The Central American Free Trade Agreement (CAFTA): Impact on Agriculture and Rural Sectors in Five Central American Countries

MOTIVATION

Aiming to inform governments, the private sector, and civil society of the likely macroeconomic impacts of the Central American Free Trade Agreement (CAFTA) in five Central American countries—Costa Rica, El Salvador, Guatemala, Honduras, and Nicaragua—IFPRI, with support from the Netherlands, evaluated the agreement’s impact at the regional and country levels, incorporating considerable detail on how households within these countries could be affected as well.

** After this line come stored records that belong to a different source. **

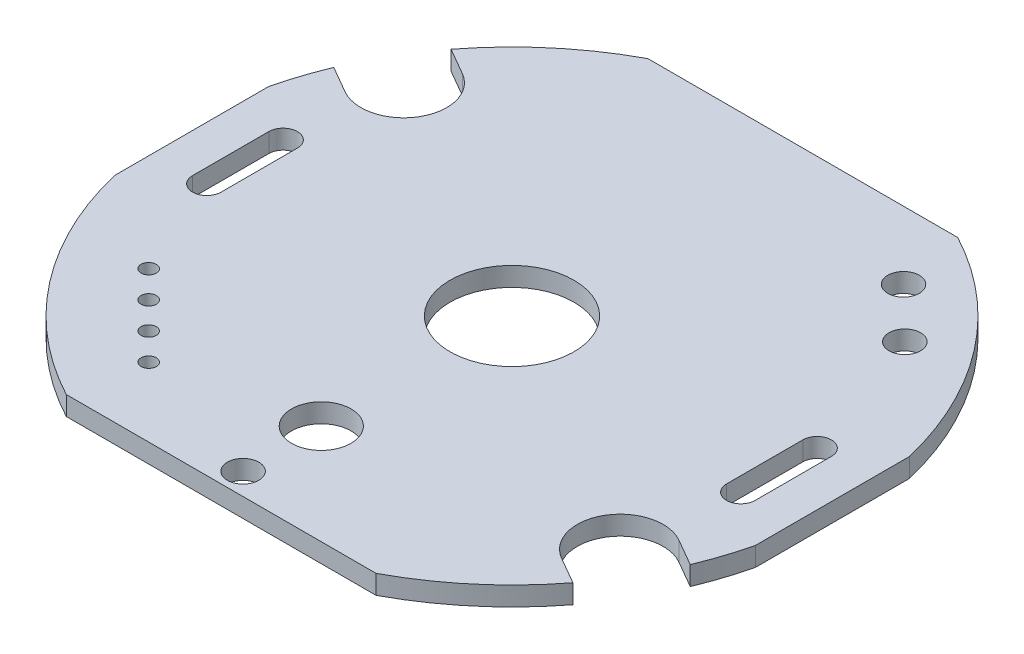
ISO-10303-21;
HEADER;
FILE_DESCRIPTION(('STEP AP214'),'2;1');
FILE_NAME('part.step','',(''),(''),'','','');
FILE_SCHEMA(('AUTOMOTIVE_DESIGN { 1 0 10303 214 1 1 1 1 }'));
ENDSEC;
DATA;
#1=APPLICATION_CONTEXT('core data for automotive mechanical design processes');
#2=APPLICATION_PROTOCOL_DEFINITION('international standard','automotive_design',2000,#1);
#3=PRODUCT_CONTEXT('',#1,'mechanical');
#4=PRODUCT('Part','Part','',(#3));
#5=PRODUCT_RELATED_PRODUCT_CATEGORY('part','',(#4));
#6=PRODUCT_DEFINITION_FORMATION('','',#4);
#7=PRODUCT_DEFINITION_CONTEXT('part definition',#1,'design');
#8=PRODUCT_DEFINITION('design','',#6,#7);
#9=PRODUCT_DEFINITION_SHAPE('','',#8);
#10=(LENGTH_UNIT() NAMED_UNIT(*) SI_UNIT(.MILLI.,.METRE.));
#11=(NAMED_UNIT(*) PLANE_ANGLE_UNIT() SI_UNIT($,.RADIAN.));
#12=(NAMED_UNIT(*) SI_UNIT($,.STERADIAN.) SOLID_ANGLE_UNIT());
#13=UNCERTAINTY_MEASURE_WITH_UNIT(LENGTH_MEASURE(1.E-05),#10,'distance_accuracy_value','');
#14=(GEOMETRIC_REPRESENTATION_CONTEXT(3) GLOBAL_UNCERTAINTY_ASSIGNED_CONTEXT((#13)) GLOBAL_UNIT_ASSIGNED_CONTEXT((#10,
#11,#12)) REPRESENTATION_CONTEXT('',''));
#15=CARTESIAN_POINT('',(0.,0.,0.));
#16=DIRECTION('',(0.,0.,1.));
#17=DIRECTION('',(1.,0.,0.));
#18=AXIS2_PLACEMENT_3D('',#15,#16,#17);
#19=CARTESIAN_POINT('',(16.8005,0.,-15.2505));
#20=DIRECTION('',(0.,1.,0.));
#21=DIRECTION('',(0.,0.,1.));
#22=AXIS2_PLACEMENT_3D('',#19,#20,#21);
#23=PLANE('',#22);
#24=CARTESIAN_POINT('',(2.8,0.,-17.25));
#25=DIRECTION('',(0.,-1.,0.));
#26=DIRECTION('',(0.,0.,-1.));
#27=AXIS2_PLACEMENT_3D('',#24,#25,#26);
#28=CIRCLE('',#27,0.750000000000001);
#29=CARTESIAN_POINT('',(3.55,0.,-17.25));
#30=VERTEX_POINT('',#29);
#31=CARTESIAN_POINT('',(2.05,0.,-17.25));
#32=VERTEX_POINT('',#31);
#33=EDGE_CURVE('E310',#30,#32,#28,.F.);
#34=ORIENTED_EDGE('',*,*,#33,.T.);
#35=DIRECTION('',(0.,0.,-1.));
#36=VECTOR('',#35,1.);
#37=CARTESIAN_POINT('',(2.05,0.,-17.25));
#38=LINE('',#37,#36);
#39=CARTESIAN_POINT('',(2.05,0.,-13.25));
#40=VERTEX_POINT('',#39);
#41=EDGE_CURVE('E317',#40,#32,#38,.T.);
#42=ORIENTED_EDGE('',*,*,#41,.F.);
#43=CARTESIAN_POINT('',(2.8,0.,-13.25));
#44=DIRECTION('',(0.,-1.,0.));
#45=DIRECTION('',(0.,0.,-1.));
#46=AXIS2_PLACEMENT_3D('',#43,#44,#45);
#47=CIRCLE('',#46,0.750000000000001);
#48=CARTESIAN_POINT('',(3.55,0.,-13.25));
#49=VERTEX_POINT('',#48);
#50=EDGE_CURVE('E306',#40,#49,#47,.F.);
#51=ORIENTED_EDGE('',*,*,#50,.T.);
#52=DIRECTION('',(0.,0.,1.));
#53=VECTOR('',#52,1.);
#54=CARTESIAN_POINT('',(3.55,0.,-17.25));
#55=LINE('',#54,#53);
#56=EDGE_CURVE('E312',#30,#49,#55,.T.);
#57=ORIENTED_EDGE('',*,*,#56,.F.);
#58=EDGE_LOOP('',(#34,#42,#51,#57));
#59=FACE_BOUND('',#58,.T.);
#60=CARTESIAN_POINT('',(9.3713,0.,-3.6287));
#61=DIRECTION('',(0.,-1.,0.));
#62=DIRECTION('',(0.,0.,-1.));
#63=AXIS2_PLACEMENT_3D('',#60,#61,#62);
#64=CIRCLE('',#63,0.4);
#65=CARTESIAN_POINT('',(9.3713,0.,-4.0287));
#66=VERTEX_POINT('',#65);
#67=EDGE_CURVE('E322',#66,#66,#64,.F.);
#68=ORIENTED_EDGE('',*,*,#67,.T.);
#69=EDGE_LOOP('',(#68));
#70=FACE_BOUND('',#69,.T.);
#71=CARTESIAN_POINT('',(7.9571,0.,-5.0429));
#72=DIRECTION('',(0.,-1.,0.));
#73=DIRECTION('',(0.,0.,-1.));
#74=AXIS2_PLACEMENT_3D('',#71,#72,#73);
#75=CIRCLE('',#74,0.399999999999999);
#76=CARTESIAN_POINT('',(7.9571,0.,-5.4429));
#77=VERTEX_POINT('',#76);
#78=EDGE_CURVE('E19',#77,#77,#75,.F.);
#79=ORIENTED_EDGE('',*,*,#78,.T.);
#80=EDGE_LOOP('',(#79));
#81=FACE_BOUND('',#80,.T.);
#82=CARTESIAN_POINT('',(6.5429,0.,-6.4571));
#83=DIRECTION('',(0.,-1.,0.));
#84=DIRECTION('',(0.,0.,-1.));
#85=AXIS2_PLACEMENT_3D('',#82,#83,#84);
#86=CIRCLE('',#85,0.4);
#87=CARTESIAN_POINT('',(6.5429,0.,-6.8571));
#88=VERTEX_POINT('',#87);
#89=EDGE_CURVE('E326',#88,#88,#86,.F.);
#90=ORIENTED_EDGE('',*,*,#89,.T.);
#91=EDGE_LOOP('',(#90));
#92=FACE_BOUND('',#91,.T.);
#93=CARTESIAN_POINT('',(5.1287,0.,-7.8713));
#94=DIRECTION('',(0.,-1.,0.));
#95=DIRECTION('',(0.,0.,-1.));
#96=AXIS2_PLACEMENT_3D('',#93,#94,#95);
#97=CIRCLE('',#96,0.399999999999999);
#98=CARTESIAN_POINT('',(5.1287,0.,-8.2713));
#99=VERTEX_POINT('',#98);
#100=EDGE_CURVE('E352',#99,#99,#97,.F.);
#101=ORIENTED_EDGE('',*,*,#100,.T.);
#102=EDGE_LOOP('',(#101));
#103=FACE_BOUND('',#102,.T.);
#104=CARTESIAN_POINT('',(28.269335274221,0.,-24.3788193190534));
#105=DIRECTION('',(0.,-1.,0.));
#106=DIRECTION('',(0.,0.,-1.));
#107=AXIS2_PLACEMENT_3D('',#104,#105,#106);
#108=CIRCLE('',#107,0.824999999999999);
#109=CARTESIAN_POINT('',(28.269335274221,0.,-25.2038193190534));
#110=VERTEX_POINT('',#109);
#111=EDGE_CURVE('E329',#110,#110,#108,.F.);
#112=ORIENTED_EDGE('',*,*,#111,.T.);
#113=EDGE_LOOP('',(#112));
#114=FACE_BOUND('',#113,.T.);
#115=CARTESIAN_POINT('',(25.6262960708677,0.,-26.9537354438111));
#116=DIRECTION('',(0.,-1.,0.));
#117=DIRECTION('',(0.,0.,-1.));
#118=AXIS2_PLACEMENT_3D('',#115,#116,#117);
#119=CIRCLE('',#118,0.824999999999996);
#120=CARTESIAN_POINT('',(25.6262960708677,0.,-27.7787354438111));
#121=VERTEX_POINT('',#120);
#122=EDGE_CURVE('E350',#121,#121,#119,.F.);
#123=ORIENTED_EDGE('',*,*,#122,.T.);
#124=EDGE_LOOP('',(#123));
#125=FACE_BOUND('',#124,.T.);
#126=CARTESIAN_POINT('',(16.8,0.,-1.1509));
#127=DIRECTION('',(0.,-1.,0.));
#128=DIRECTION('',(0.,0.,-1.));
#129=AXIS2_PLACEMENT_3D('',#126,#127,#128);
#130=CIRCLE('',#129,0.8255);
#131=CARTESIAN_POINT('',(16.8,0.,-1.9764));
#132=VERTEX_POINT('',#131);
#133=EDGE_CURVE('E202',#132,#132,#130,.F.);
#134=ORIENTED_EDGE('',*,*,#133,.T.);
#135=EDGE_LOOP('',(#134));
#136=FACE_BOUND('',#135,.T.);
#137=CARTESIAN_POINT('',(16.8005,0.,-5.2506));
#138=DIRECTION('',(0.,-1.,0.));
#139=DIRECTION('',(0.,0.,-1.));
#140=AXIS2_PLACEMENT_3D('',#137,#138,#139);
#141=CIRCLE('',#140,1.5621);
#142=CARTESIAN_POINT('',(16.8005,0.,-6.8127));
#143=VERTEX_POINT('',#142);
#144=EDGE_CURVE('E186',#143,#143,#141,.F.);
#145=ORIENTED_EDGE('',*,*,#144,.T.);
#146=EDGE_LOOP('',(#145));
#147=FACE_BOUND('',#146,.T.);
#148=CARTESIAN_POINT('',(16.8005,0.,-15.2505));
#149=DIRECTION('',(0.,-1.,0.));
#150=DIRECTION('',(0.,0.,-1.));
#151=AXIS2_PLACEMENT_3D('',#148,#149,#150);
#152=CIRCLE('',#151,3.2512);
#153=CARTESIAN_POINT('',(16.8005,0.,-18.5017));
#154=VERTEX_POINT('',#153);
#155=EDGE_CURVE('E199',#154,#154,#152,.F.);
#156=ORIENTED_EDGE('',*,*,#155,.T.);
#157=EDGE_LOOP('',(#156));
#158=FACE_BOUND('',#157,.T.);
#159=DIRECTION('',(1.,0.,0.));
#160=VECTOR('',#159,1.);
#161=CARTESIAN_POINT('',(8.67927374070246,0.,-30.5007));
#162=LINE('',#161,#160);
#163=CARTESIAN_POINT('',(8.67927374070246,0.,-30.5007));
#164=VERTEX_POINT('',#163);
#165=CARTESIAN_POINT('',(24.9217262592976,0.,-30.5007));
#166=VERTEX_POINT('',#165);
#167=EDGE_CURVE('E179',#164,#166,#162,.T.);
#168=ORIENTED_EDGE('',*,*,#167,.T.);
#169=CARTESIAN_POINT('',(16.8005,0.,-15.2505));
#170=DIRECTION('',(0.,-1.,0.));
#171=DIRECTION('',(0.,0.,-1.));
#172=AXIS2_PLACEMENT_3D('',#169,#170,#171);
#173=CIRCLE('',#172,17.277815718276);
#174=CARTESIAN_POINT('',(33.6001,0.,-19.2873745131233));
#175=VERTEX_POINT('',#174);
#176=EDGE_CURVE('E211',#175,#166,#173,.F.);
#177=ORIENTED_EDGE('',*,*,#176,.F.);
#178=DIRECTION('',(0.,0.,1.));
#179=VECTOR('',#178,1.);
#180=CARTESIAN_POINT('',(33.6001,0.,-19.2873745131233));
#181=LINE('',#180,#179);
#182=CARTESIAN_POINT('',(33.6001,0.,-11.2136254868767));
#183=VERTEX_POINT('',#182);
#184=EDGE_CURVE('E208',#175,#183,#181,.T.);
#185=ORIENTED_EDGE('',*,*,#184,.T.);
#186=CARTESIAN_POINT('',(16.8005,0.,-15.2505));
#187=DIRECTION('',(0.,-1.,0.));
#188=DIRECTION('',(0.,0.,-1.));
#189=AXIS2_PLACEMENT_3D('',#186,#187,#188);
#190=CIRCLE('',#189,17.277815718276);
#191=CARTESIAN_POINT('',(32.7617691427317,0.,-8.63530511640165));
#192=VERTEX_POINT('',#191);
#193=EDGE_CURVE('E216',#192,#183,#190,.F.);
#194=ORIENTED_EDGE('',*,*,#193,.F.);
#195=DIRECTION('',(-0.866030773137072,0.,-0.499990699893113));
#196=VECTOR('',#195,1.);
#197=CARTESIAN_POINT('',(31.3526109768806,0.,-9.44886278601168));
#198=LINE('',#197,#196);
#199=CARTESIAN_POINT('',(31.3526109768806,0.,-9.44886278601168));
#200=VERTEX_POINT('',#199);
#201=EDGE_CURVE('E213',#192,#200,#198,.T.);
#202=ORIENTED_EDGE('',*,*,#201,.T.);
#203=CARTESIAN_POINT('',(30.2268700211117,0.,-7.49897389710827));
#204=DIRECTION('',(0.,-1.,0.));
#205=DIRECTION('',(0.,0.,-1.));
#206=AXIS2_PLACEMENT_3D('',#203,#204,#205);
#207=CIRCLE('',#206,2.25152379036166);
#208=CARTESIAN_POINT('',(29.1011290653428,0.,-5.54908500820485));
#209=VERTEX_POINT('',#208);
#210=EDGE_CURVE('E338',#200,#209,#207,.F.);
#211=ORIENTED_EDGE('',*,*,#210,.T.);
#212=DIRECTION('',(0.866030773137073,0.,0.499990699893112));
#213=VECTOR('',#212,1.);
#214=CARTESIAN_POINT('',(29.1011290653428,0.,-5.54908500820485));
#215=LINE('',#214,#213);
#216=CARTESIAN_POINT('',(30.5102872311938,0.,-4.73552733859481));
#217=VERTEX_POINT('',#216);
#218=EDGE_CURVE('E218',#209,#217,#215,.T.);
#219=ORIENTED_EDGE('',*,*,#218,.T.);
#220=CARTESIAN_POINT('',(16.8005,0.,-15.2505));
#221=DIRECTION('',(0.,-1.,0.));
#222=DIRECTION('',(0.,0.,-1.));
#223=AXIS2_PLACEMENT_3D('',#220,#221,#222);
#224=CIRCLE('',#223,17.277815718276);
#225=CARTESIAN_POINT('',(24.9217262592975,0.,-0.000299999999999953));
#226=VERTEX_POINT('',#225);
#227=EDGE_CURVE('E226',#226,#217,#224,.F.);
#228=ORIENTED_EDGE('',*,*,#227,.F.);
#229=DIRECTION('',(-1.,0.,0.));
#230=VECTOR('',#229,1.);
#231=CARTESIAN_POINT('',(24.9217262592975,0.,-0.000299999999999953));
#232=LINE('',#231,#230);
#233=CARTESIAN_POINT('',(8.67927374070247,0.,-0.000299999999999953));
#234=VERTEX_POINT('',#233);
#235=EDGE_CURVE('E223',#226,#234,#232,.T.);
#236=ORIENTED_EDGE('',*,*,#235,.T.);
#237=CARTESIAN_POINT('',(16.8005,0.,-15.2505));
#238=DIRECTION('',(0.,-1.,0.));
#239=DIRECTION('',(0.,0.,-1.));
#240=AXIS2_PLACEMENT_3D('',#237,#238,#239);
#241=CIRCLE('',#240,17.277815718276);
#242=CARTESIAN_POINT('',(0.000900000000001594,0.,-11.2136254868768));
#243=VERTEX_POINT('',#242);
#244=EDGE_CURVE('E231',#243,#234,#241,.F.);
#245=ORIENTED_EDGE('',*,*,#244,.F.);
#246=DIRECTION('',(0.,0.,-1.));
#247=VECTOR('',#246,1.);
#248=CARTESIAN_POINT('',(0.000900000000001594,0.,-19.2873745131232));
#249=LINE('',#248,#247);
#250=CARTESIAN_POINT('',(0.000900000000001594,0.,-19.2873745131232));
#251=VERTEX_POINT('',#250);
#252=EDGE_CURVE('E228',#243,#251,#249,.T.);
#253=ORIENTED_EDGE('',*,*,#252,.T.);
#254=CARTESIAN_POINT('',(16.8005,0.,-15.2505));
#255=DIRECTION('',(0.,-1.,0.));
#256=DIRECTION('',(0.,0.,-1.));
#257=AXIS2_PLACEMENT_3D('',#254,#255,#256);
#258=CIRCLE('',#257,17.277815718276);
#259=CARTESIAN_POINT('',(0.839230857268334,0.,-21.8656948835984));
#260=VERTEX_POINT('',#259);
#261=EDGE_CURVE('E236',#260,#251,#258,.F.);
#262=ORIENTED_EDGE('',*,*,#261,.F.);
#263=DIRECTION('',(0.866030773137072,0.,0.499990699893114));
#264=VECTOR('',#263,1.);
#265=CARTESIAN_POINT('',(2.24838902311941,0.,-21.0521372139883));
#266=LINE('',#265,#264);
#267=CARTESIAN_POINT('',(2.24838902311941,0.,-21.0521372139883));
#268=VERTEX_POINT('',#267);
#269=EDGE_CURVE('E233',#260,#268,#266,.T.);
#270=ORIENTED_EDGE('',*,*,#269,.T.);
#271=CARTESIAN_POINT('',(3.37412997888833,0.,-23.0020261028917));
#272=DIRECTION('',(0.,-1.,0.));
#273=DIRECTION('',(0.,0.,-1.));
#274=AXIS2_PLACEMENT_3D('',#271,#272,#273);
#275=CIRCLE('',#274,2.25152379036166);
#276=CARTESIAN_POINT('',(4.49987093465725,0.,-24.9519149917952));
#277=VERTEX_POINT('',#276);
#278=EDGE_CURVE('E346',#268,#277,#275,.F.);
#279=ORIENTED_EDGE('',*,*,#278,.T.);
#280=DIRECTION('',(-0.866030773137076,0.,-0.499990699893107));
#281=VECTOR('',#280,1.);
#282=CARTESIAN_POINT('',(4.49987093465726,0.,-24.9519149917952));
#283=LINE('',#282,#281);
#284=CARTESIAN_POINT('',(3.09071276880618,0.,-25.7654726614052));
#285=VERTEX_POINT('',#284);
#286=EDGE_CURVE('E182',#277,#285,#283,.T.);
#287=ORIENTED_EDGE('',*,*,#286,.T.);
#288=CARTESIAN_POINT('',(16.8005,0.,-15.2505));
#289=DIRECTION('',(0.,-1.,0.));
#290=DIRECTION('',(0.,0.,-1.));
#291=AXIS2_PLACEMENT_3D('',#288,#289,#290);
#292=CIRCLE('',#291,17.277815718276);
#293=EDGE_CURVE('E175',#164,#285,#292,.F.);
#294=ORIENTED_EDGE('',*,*,#293,.F.);
#295=EDGE_LOOP('',(#168,#177,#185,#194,#202,#211,#219,#228,#236,#245,#253,#262,#270,#279,#287,#294));
#296=FACE_BOUND('',#295,.T.);
#297=CARTESIAN_POINT('',(30.8,0.,-17.25));
#298=DIRECTION('',(0.,-1.,0.));
#299=DIRECTION('',(0.,0.,-1.));
#300=AXIS2_PLACEMENT_3D('',#297,#298,#299);
#301=CIRCLE('',#300,0.750000000000004);
#302=CARTESIAN_POINT('',(31.55,0.,-17.25));
#303=VERTEX_POINT('',#302);
#304=CARTESIAN_POINT('',(30.05,0.,-17.25));
#305=VERTEX_POINT('',#304);
#306=EDGE_CURVE('E319',#303,#305,#301,.F.);
#307=ORIENTED_EDGE('',*,*,#306,.T.);
#308=DIRECTION('',(0.,0.,-1.));
#309=VECTOR('',#308,1.);
#310=CARTESIAN_POINT('',(30.05,0.,-17.25));
#311=LINE('',#310,#309);
#312=CARTESIAN_POINT('',(30.05,0.,-13.25));
#313=VERTEX_POINT('',#312);
#314=EDGE_CURVE('E325',#313,#305,#311,.T.);
#315=ORIENTED_EDGE('',*,*,#314,.F.);
#316=CARTESIAN_POINT('',(30.8,0.,-13.25));
#317=DIRECTION('',(0.,-1.,0.));
#318=DIRECTION('',(0.,0.,-1.));
#319=AXIS2_PLACEMENT_3D('',#316,#317,#318);
#320=CIRCLE('',#319,0.750000000000004);
#321=CARTESIAN_POINT('',(31.55,0.,-13.25));
#322=VERTEX_POINT('',#321);
#323=EDGE_CURVE('E314',#313,#322,#320,.F.);
#324=ORIENTED_EDGE('',*,*,#323,.T.);
#325=DIRECTION('',(0.,0.,1.));
#326=VECTOR('',#325,1.);
#327=CARTESIAN_POINT('',(31.55,0.,-17.25));
#328=LINE('',#327,#326);
#329=EDGE_CURVE('E206',#303,#322,#328,.T.);
#330=ORIENTED_EDGE('',*,*,#329,.F.);
#331=EDGE_LOOP('',(#307,#315,#324,#330));
#332=FACE_BOUND('',#331,.T.);
#333=ADVANCED_FACE('F16',(#59,#70,#81,#92,#103,#114,#125,#136,#147,#158,#296,#332),#23,.F.);
#334=CARTESIAN_POINT('',(7.9571,1.,-5.0429));
#335=DIRECTION('',(0.,-1.,0.));
#336=DIRECTION('',(0.,0.,-1.));
#337=AXIS2_PLACEMENT_3D('',#334,#335,#336);
#338=CYLINDRICAL_SURFACE('',#337,0.399999999999999);
#339=CARTESIAN_POINT('',(7.9571,1.,-5.0429));
#340=DIRECTION('',(0.,-1.,0.));
#341=DIRECTION('',(0.,0.,-1.));
#342=AXIS2_PLACEMENT_3D('',#339,#340,#341);
#343=CIRCLE('',#342,0.399999999999999);
#344=CARTESIAN_POINT('',(7.9571,1.,-5.4429));
#345=VERTEX_POINT('',#344);
#346=EDGE_CURVE('E303',#345,#345,#343,.T.);
#347=ORIENTED_EDGE('',*,*,#346,.F.);
#348=EDGE_LOOP('',(#347));
#349=FACE_BOUND('',#348,.T.);
#350=ORIENTED_EDGE('',*,*,#78,.F.);
#351=EDGE_LOOP('',(#350));
#352=FACE_BOUND('',#351,.T.);
#353=ADVANCED_FACE('F361',(#349,#352),#338,.F.);
#354=CARTESIAN_POINT('',(5.1287,1.,-7.8713));
#355=DIRECTION('',(0.,-1.,0.));
#356=DIRECTION('',(0.,0.,-1.));
#357=AXIS2_PLACEMENT_3D('',#354,#355,#356);
#358=CYLINDRICAL_SURFACE('',#357,0.399999999999999);
#359=CARTESIAN_POINT('',(5.1287,1.,-7.8713));
#360=DIRECTION('',(0.,-1.,0.));
#361=DIRECTION('',(0.,0.,-1.));
#362=AXIS2_PLACEMENT_3D('',#359,#360,#361);
#363=CIRCLE('',#362,0.399999999999999);
#364=CARTESIAN_POINT('',(5.1287,1.,-8.2713));
#365=VERTEX_POINT('',#364);
#366=EDGE_CURVE('E300',#365,#365,#363,.T.);
#367=ORIENTED_EDGE('',*,*,#366,.F.);
#368=EDGE_LOOP('',(#367));
#369=FACE_BOUND('',#368,.T.);
#370=ORIENTED_EDGE('',*,*,#100,.F.);
#371=EDGE_LOOP('',(#370));
#372=FACE_BOUND('',#371,.T.);
#373=ADVANCED_FACE('F363',(#369,#372),#358,.F.);
#374=CARTESIAN_POINT('',(25.6262960708677,1.,-26.9537354438111));
#375=DIRECTION('',(0.,-1.,0.));
#376=DIRECTION('',(0.,0.,-1.));
#377=AXIS2_PLACEMENT_3D('',#374,#375,#376);
#378=CYLINDRICAL_SURFACE('',#377,0.824999999999996);
#379=CARTESIAN_POINT('',(25.6262960708677,1.,-26.9537354438111));
#380=DIRECTION('',(0.,-1.,0.));
#381=DIRECTION('',(0.,0.,-1.));
#382=AXIS2_PLACEMENT_3D('',#379,#380,#381);
#383=CIRCLE('',#382,0.824999999999996);
#384=CARTESIAN_POINT('',(25.6262960708677,1.,-27.7787354438111));
#385=VERTEX_POINT('',#384);
#386=EDGE_CURVE('E297',#385,#385,#383,.T.);
#387=ORIENTED_EDGE('',*,*,#386,.F.);
#388=EDGE_LOOP('',(#387));
#389=FACE_BOUND('',#388,.T.);
#390=ORIENTED_EDGE('',*,*,#122,.F.);
#391=EDGE_LOOP('',(#390));
#392=FACE_BOUND('',#391,.T.);
#393=ADVANCED_FACE('F370',(#389,#392),#378,.F.);
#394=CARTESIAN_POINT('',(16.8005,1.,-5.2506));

This analysis, supported by the Netherlands, found that CAFTA’s trade liberalization would have a positive, albeit small, impact on economic growth. Furthermore, it concluded there would be a positive impact on reducing poverty levels due to the consolidation of unskilled labor in the maquila industry and recommended restructuring domestic and foreign demand in favor of sectors that employ unskilled laborers while increasing the rate of foreign direct investment.

OUTCOMES

  • The World Bank designated this a "best practice project,” presenting it with the AAA award and showcasing it at a 2009 Knowledge Fair.
  • The project has been successful in raising awareness among Central American government agencies and other rural sector stakeholders. In particular, the research provided a detailed analysis of how each country’s various sectors will respond to the increased competition produced by CAFTA, as well as how best to prioritize and coordinate investments in infrastructure projects to diminish the potential negative effects of CAFTA on the rural poor.
  • By filling in substantial knowledge gaps on the impact of trade-related reforms, the project has promoted meaningful discussion among governments and key stakeholders. The study led to mainstream awareness of proposals about preparing for rural competitiveness operations in Guatemala and Honduras. The results of the initiative are expected to contribute to the debate on trade in the countries involved.
  • The datasets, models, and other tools used in the project are a sustainable resource that are not only publicly available online but can also be readily updated for use in analyzing other trade agreements throughout the world.
  • This work resulted in individual country governments—through the Council of Central American Ministers of Agriculture—and donor agencies helping the Central American rural sector adapt to the changing international environment.